#### [WORK ORDER]
Your answer should consist only of the lines below from the one with "Line((12.336144578, 9.634817645), (12.079792775, 9.67251644))" through the one with "(-12.336144578, 8.375708699), align=None)", copied exactly.

Collected data
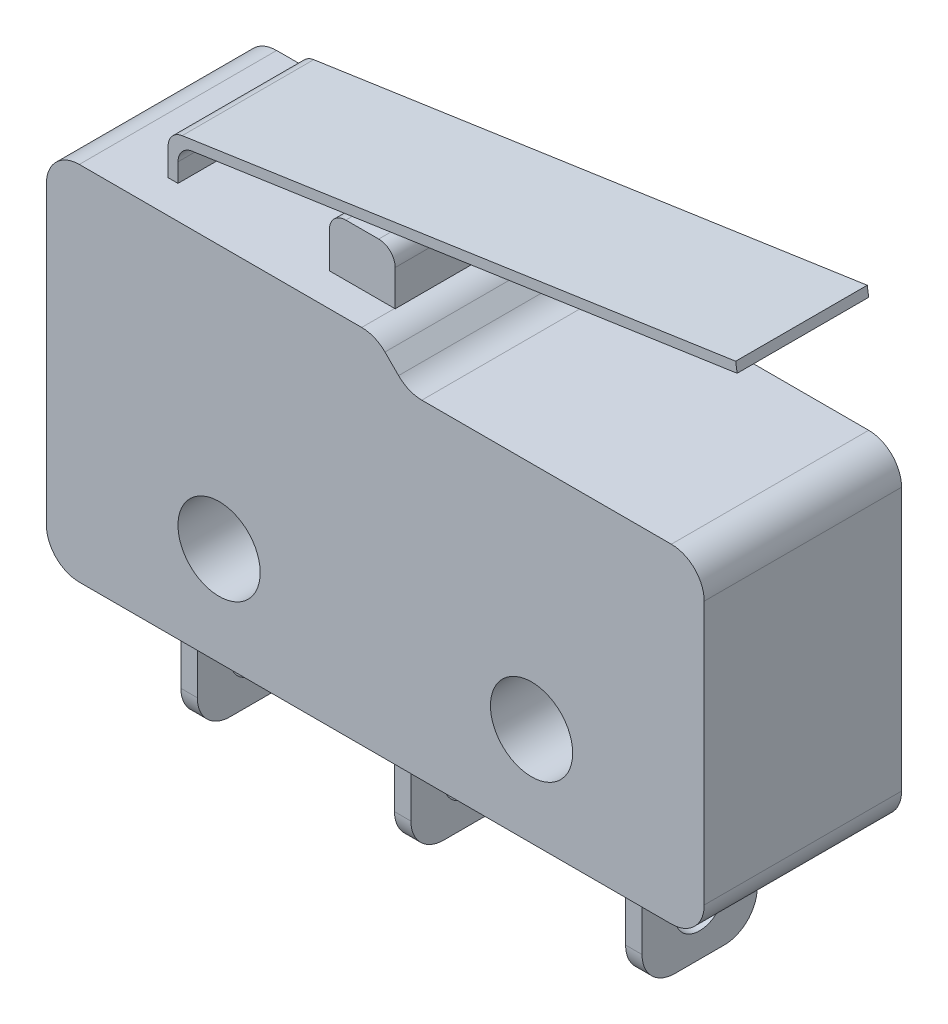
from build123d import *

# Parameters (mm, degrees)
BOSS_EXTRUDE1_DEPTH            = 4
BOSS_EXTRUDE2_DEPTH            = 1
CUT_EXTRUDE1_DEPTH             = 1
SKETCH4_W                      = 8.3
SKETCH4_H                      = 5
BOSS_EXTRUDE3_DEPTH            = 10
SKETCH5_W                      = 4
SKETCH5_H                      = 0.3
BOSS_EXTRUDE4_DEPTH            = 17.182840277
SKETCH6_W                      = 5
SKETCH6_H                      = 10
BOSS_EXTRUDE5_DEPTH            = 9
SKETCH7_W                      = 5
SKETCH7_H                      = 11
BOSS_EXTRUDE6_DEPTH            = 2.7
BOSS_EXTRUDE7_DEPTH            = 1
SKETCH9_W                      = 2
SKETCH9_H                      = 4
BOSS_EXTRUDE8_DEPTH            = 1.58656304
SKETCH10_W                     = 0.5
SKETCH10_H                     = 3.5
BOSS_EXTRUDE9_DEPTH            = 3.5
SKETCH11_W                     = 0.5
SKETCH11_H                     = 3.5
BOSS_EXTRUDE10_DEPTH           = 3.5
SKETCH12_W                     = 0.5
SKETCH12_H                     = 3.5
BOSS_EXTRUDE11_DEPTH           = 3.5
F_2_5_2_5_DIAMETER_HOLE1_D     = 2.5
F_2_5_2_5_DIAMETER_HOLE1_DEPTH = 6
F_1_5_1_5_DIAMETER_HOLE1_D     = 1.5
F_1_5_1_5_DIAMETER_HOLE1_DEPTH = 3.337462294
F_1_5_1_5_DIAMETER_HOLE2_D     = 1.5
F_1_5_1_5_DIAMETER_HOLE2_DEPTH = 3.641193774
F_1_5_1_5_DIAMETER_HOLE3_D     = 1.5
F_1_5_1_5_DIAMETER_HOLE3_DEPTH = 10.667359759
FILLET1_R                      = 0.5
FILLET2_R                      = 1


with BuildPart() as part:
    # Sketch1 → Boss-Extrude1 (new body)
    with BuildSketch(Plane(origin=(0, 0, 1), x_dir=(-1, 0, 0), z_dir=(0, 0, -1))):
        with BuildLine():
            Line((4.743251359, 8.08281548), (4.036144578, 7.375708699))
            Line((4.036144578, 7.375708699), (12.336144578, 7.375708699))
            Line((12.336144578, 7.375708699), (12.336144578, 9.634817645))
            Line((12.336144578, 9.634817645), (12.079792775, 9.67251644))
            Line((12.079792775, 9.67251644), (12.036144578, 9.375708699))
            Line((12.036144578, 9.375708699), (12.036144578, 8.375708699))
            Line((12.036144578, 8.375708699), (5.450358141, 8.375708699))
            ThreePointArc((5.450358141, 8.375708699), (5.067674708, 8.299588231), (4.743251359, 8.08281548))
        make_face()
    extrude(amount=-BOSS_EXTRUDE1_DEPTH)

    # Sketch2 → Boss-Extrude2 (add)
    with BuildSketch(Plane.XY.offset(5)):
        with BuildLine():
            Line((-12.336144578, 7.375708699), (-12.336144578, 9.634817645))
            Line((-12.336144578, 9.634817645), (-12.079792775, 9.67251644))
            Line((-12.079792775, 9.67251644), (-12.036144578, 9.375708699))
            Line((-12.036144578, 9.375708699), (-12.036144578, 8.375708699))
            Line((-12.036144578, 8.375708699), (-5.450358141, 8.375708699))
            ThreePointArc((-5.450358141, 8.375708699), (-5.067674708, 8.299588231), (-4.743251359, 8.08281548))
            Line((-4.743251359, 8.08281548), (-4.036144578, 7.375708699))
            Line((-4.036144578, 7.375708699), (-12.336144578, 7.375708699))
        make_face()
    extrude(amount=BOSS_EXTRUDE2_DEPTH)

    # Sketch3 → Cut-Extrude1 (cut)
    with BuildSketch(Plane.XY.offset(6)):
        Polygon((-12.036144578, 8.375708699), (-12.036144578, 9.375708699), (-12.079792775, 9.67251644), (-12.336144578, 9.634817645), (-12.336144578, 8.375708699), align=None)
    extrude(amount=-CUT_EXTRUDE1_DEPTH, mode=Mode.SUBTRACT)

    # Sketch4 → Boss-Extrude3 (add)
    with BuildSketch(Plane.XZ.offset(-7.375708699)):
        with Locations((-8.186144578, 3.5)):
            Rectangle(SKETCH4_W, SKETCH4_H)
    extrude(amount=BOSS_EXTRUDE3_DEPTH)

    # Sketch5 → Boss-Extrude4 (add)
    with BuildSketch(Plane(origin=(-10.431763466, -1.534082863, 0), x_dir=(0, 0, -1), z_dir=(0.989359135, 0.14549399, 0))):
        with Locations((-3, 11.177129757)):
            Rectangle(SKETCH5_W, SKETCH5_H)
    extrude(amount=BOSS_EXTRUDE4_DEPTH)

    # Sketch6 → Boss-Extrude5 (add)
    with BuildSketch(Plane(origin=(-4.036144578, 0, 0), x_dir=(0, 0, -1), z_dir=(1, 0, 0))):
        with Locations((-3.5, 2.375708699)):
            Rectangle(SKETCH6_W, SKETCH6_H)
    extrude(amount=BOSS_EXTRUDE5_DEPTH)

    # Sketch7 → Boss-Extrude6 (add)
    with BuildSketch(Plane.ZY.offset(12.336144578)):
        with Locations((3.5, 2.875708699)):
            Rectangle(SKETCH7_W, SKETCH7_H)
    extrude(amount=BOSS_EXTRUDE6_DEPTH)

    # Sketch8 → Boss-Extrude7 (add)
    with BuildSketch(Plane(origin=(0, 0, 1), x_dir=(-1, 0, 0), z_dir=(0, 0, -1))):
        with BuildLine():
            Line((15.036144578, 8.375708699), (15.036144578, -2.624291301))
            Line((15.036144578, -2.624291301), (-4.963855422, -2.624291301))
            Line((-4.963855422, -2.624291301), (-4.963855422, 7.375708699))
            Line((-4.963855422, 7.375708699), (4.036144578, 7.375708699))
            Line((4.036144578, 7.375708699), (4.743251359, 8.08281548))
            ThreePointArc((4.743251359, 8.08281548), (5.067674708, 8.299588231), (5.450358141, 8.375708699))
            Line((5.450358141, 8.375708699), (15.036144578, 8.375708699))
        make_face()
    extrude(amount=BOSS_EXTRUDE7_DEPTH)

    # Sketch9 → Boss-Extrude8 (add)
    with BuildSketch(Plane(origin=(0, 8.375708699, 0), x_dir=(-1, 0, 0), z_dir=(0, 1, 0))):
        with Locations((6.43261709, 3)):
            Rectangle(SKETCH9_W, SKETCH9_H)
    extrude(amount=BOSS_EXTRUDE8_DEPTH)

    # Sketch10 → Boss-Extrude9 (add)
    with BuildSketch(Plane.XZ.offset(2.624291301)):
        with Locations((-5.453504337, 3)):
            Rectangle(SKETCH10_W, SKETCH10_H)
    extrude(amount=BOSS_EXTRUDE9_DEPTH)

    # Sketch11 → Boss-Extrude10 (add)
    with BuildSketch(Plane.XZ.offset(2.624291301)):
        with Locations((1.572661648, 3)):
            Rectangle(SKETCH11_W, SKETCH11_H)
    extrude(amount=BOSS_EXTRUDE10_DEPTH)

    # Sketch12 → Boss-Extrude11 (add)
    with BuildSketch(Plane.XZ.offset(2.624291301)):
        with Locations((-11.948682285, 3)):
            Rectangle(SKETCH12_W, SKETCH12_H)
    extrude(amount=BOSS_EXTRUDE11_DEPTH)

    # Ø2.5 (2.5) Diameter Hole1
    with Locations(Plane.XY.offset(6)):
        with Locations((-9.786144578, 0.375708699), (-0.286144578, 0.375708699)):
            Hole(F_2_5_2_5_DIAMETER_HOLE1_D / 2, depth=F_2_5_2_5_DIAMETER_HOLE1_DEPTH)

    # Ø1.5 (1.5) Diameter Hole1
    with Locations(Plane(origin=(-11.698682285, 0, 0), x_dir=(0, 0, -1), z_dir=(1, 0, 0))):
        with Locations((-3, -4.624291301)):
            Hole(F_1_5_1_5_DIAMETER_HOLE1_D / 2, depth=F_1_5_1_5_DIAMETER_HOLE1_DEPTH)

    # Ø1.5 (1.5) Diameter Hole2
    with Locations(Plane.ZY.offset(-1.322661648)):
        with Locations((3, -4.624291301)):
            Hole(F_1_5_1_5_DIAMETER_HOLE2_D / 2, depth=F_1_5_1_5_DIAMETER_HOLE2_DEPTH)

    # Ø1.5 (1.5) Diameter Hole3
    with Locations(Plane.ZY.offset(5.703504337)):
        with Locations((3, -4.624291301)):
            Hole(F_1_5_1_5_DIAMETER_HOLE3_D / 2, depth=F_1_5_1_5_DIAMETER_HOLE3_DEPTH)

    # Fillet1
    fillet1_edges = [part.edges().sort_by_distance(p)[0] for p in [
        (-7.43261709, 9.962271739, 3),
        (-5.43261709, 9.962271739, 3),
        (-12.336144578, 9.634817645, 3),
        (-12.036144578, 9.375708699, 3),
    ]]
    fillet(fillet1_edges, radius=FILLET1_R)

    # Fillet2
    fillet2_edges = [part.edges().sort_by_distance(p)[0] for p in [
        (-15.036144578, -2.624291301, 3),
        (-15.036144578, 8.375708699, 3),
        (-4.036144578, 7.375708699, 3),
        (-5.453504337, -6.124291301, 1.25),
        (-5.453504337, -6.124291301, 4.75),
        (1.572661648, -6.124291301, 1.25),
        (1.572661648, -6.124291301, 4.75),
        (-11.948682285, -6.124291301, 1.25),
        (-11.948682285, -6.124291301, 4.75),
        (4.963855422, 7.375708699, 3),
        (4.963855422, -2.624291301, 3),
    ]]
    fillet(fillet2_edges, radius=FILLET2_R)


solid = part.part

#### [RESPONSE AREA]
            Line((12.336144578, 9.634817645), (12.079792775, 9.67251644))
            Line((12.079792775, 9.67251644), (12.036144578, 9.375708699))
            Line((12.036144578, 9.375708699), (12.036144578, 8.375708699))
            Line((12.036144578, 8.375708699), (5.450358141, 8.375708699))
            ThreePointArc((5.450358141, 8.375708699), (5.067674708, 8.299588231), (4.743251359, 8.08281548))
        make_face()
    extrude(amount=-BOSS_EXTRUDE1_DEPTH)

    # Sketch2 → Boss-Extrude2 (add)
    with BuildSketch(Plane.XY.offset(5)):
        with BuildLine():
            Line((-12.336144578, 7.375708699), (-12.336144578, 9.634817645))
            Line((-12.336144578, 9.634817645), (-12.079792775, 9.67251644))
            Line((-12.079792775, 9.67251644), (-12.036144578, 9.375708699))
            Line((-12.036144578, 9.375708699), (-12.036144578, 8.375708699))
            Line((-12.036144578, 8.375708699), (-5.450358141, 8.375708699))
            ThreePointArc((-5.450358141, 8.375708699), (-5.067674708, 8.299588231), (-4.743251359, 8.08281548))
            Line((-4.743251359, 8.08281548), (-4.036144578, 7.375708699))
            Line((-4.036144578, 7.375708699), (-12.336144578, 7.375708699))
        make_face()
    extrude(amount=BOSS_EXTRUDE2_DEPTH)

    # Sketch3 → Cut-Extrude1 (cut)
    with BuildSketch(Plane.XY.offset(6)):
        Polygon((-12.036144578, 8.375708699), (-12.036144578, 9.375708699), (-12.079792775, 9.67251644), (-12.336144578, 9.634817645), (-12.336144578, 8.375708699), align=None)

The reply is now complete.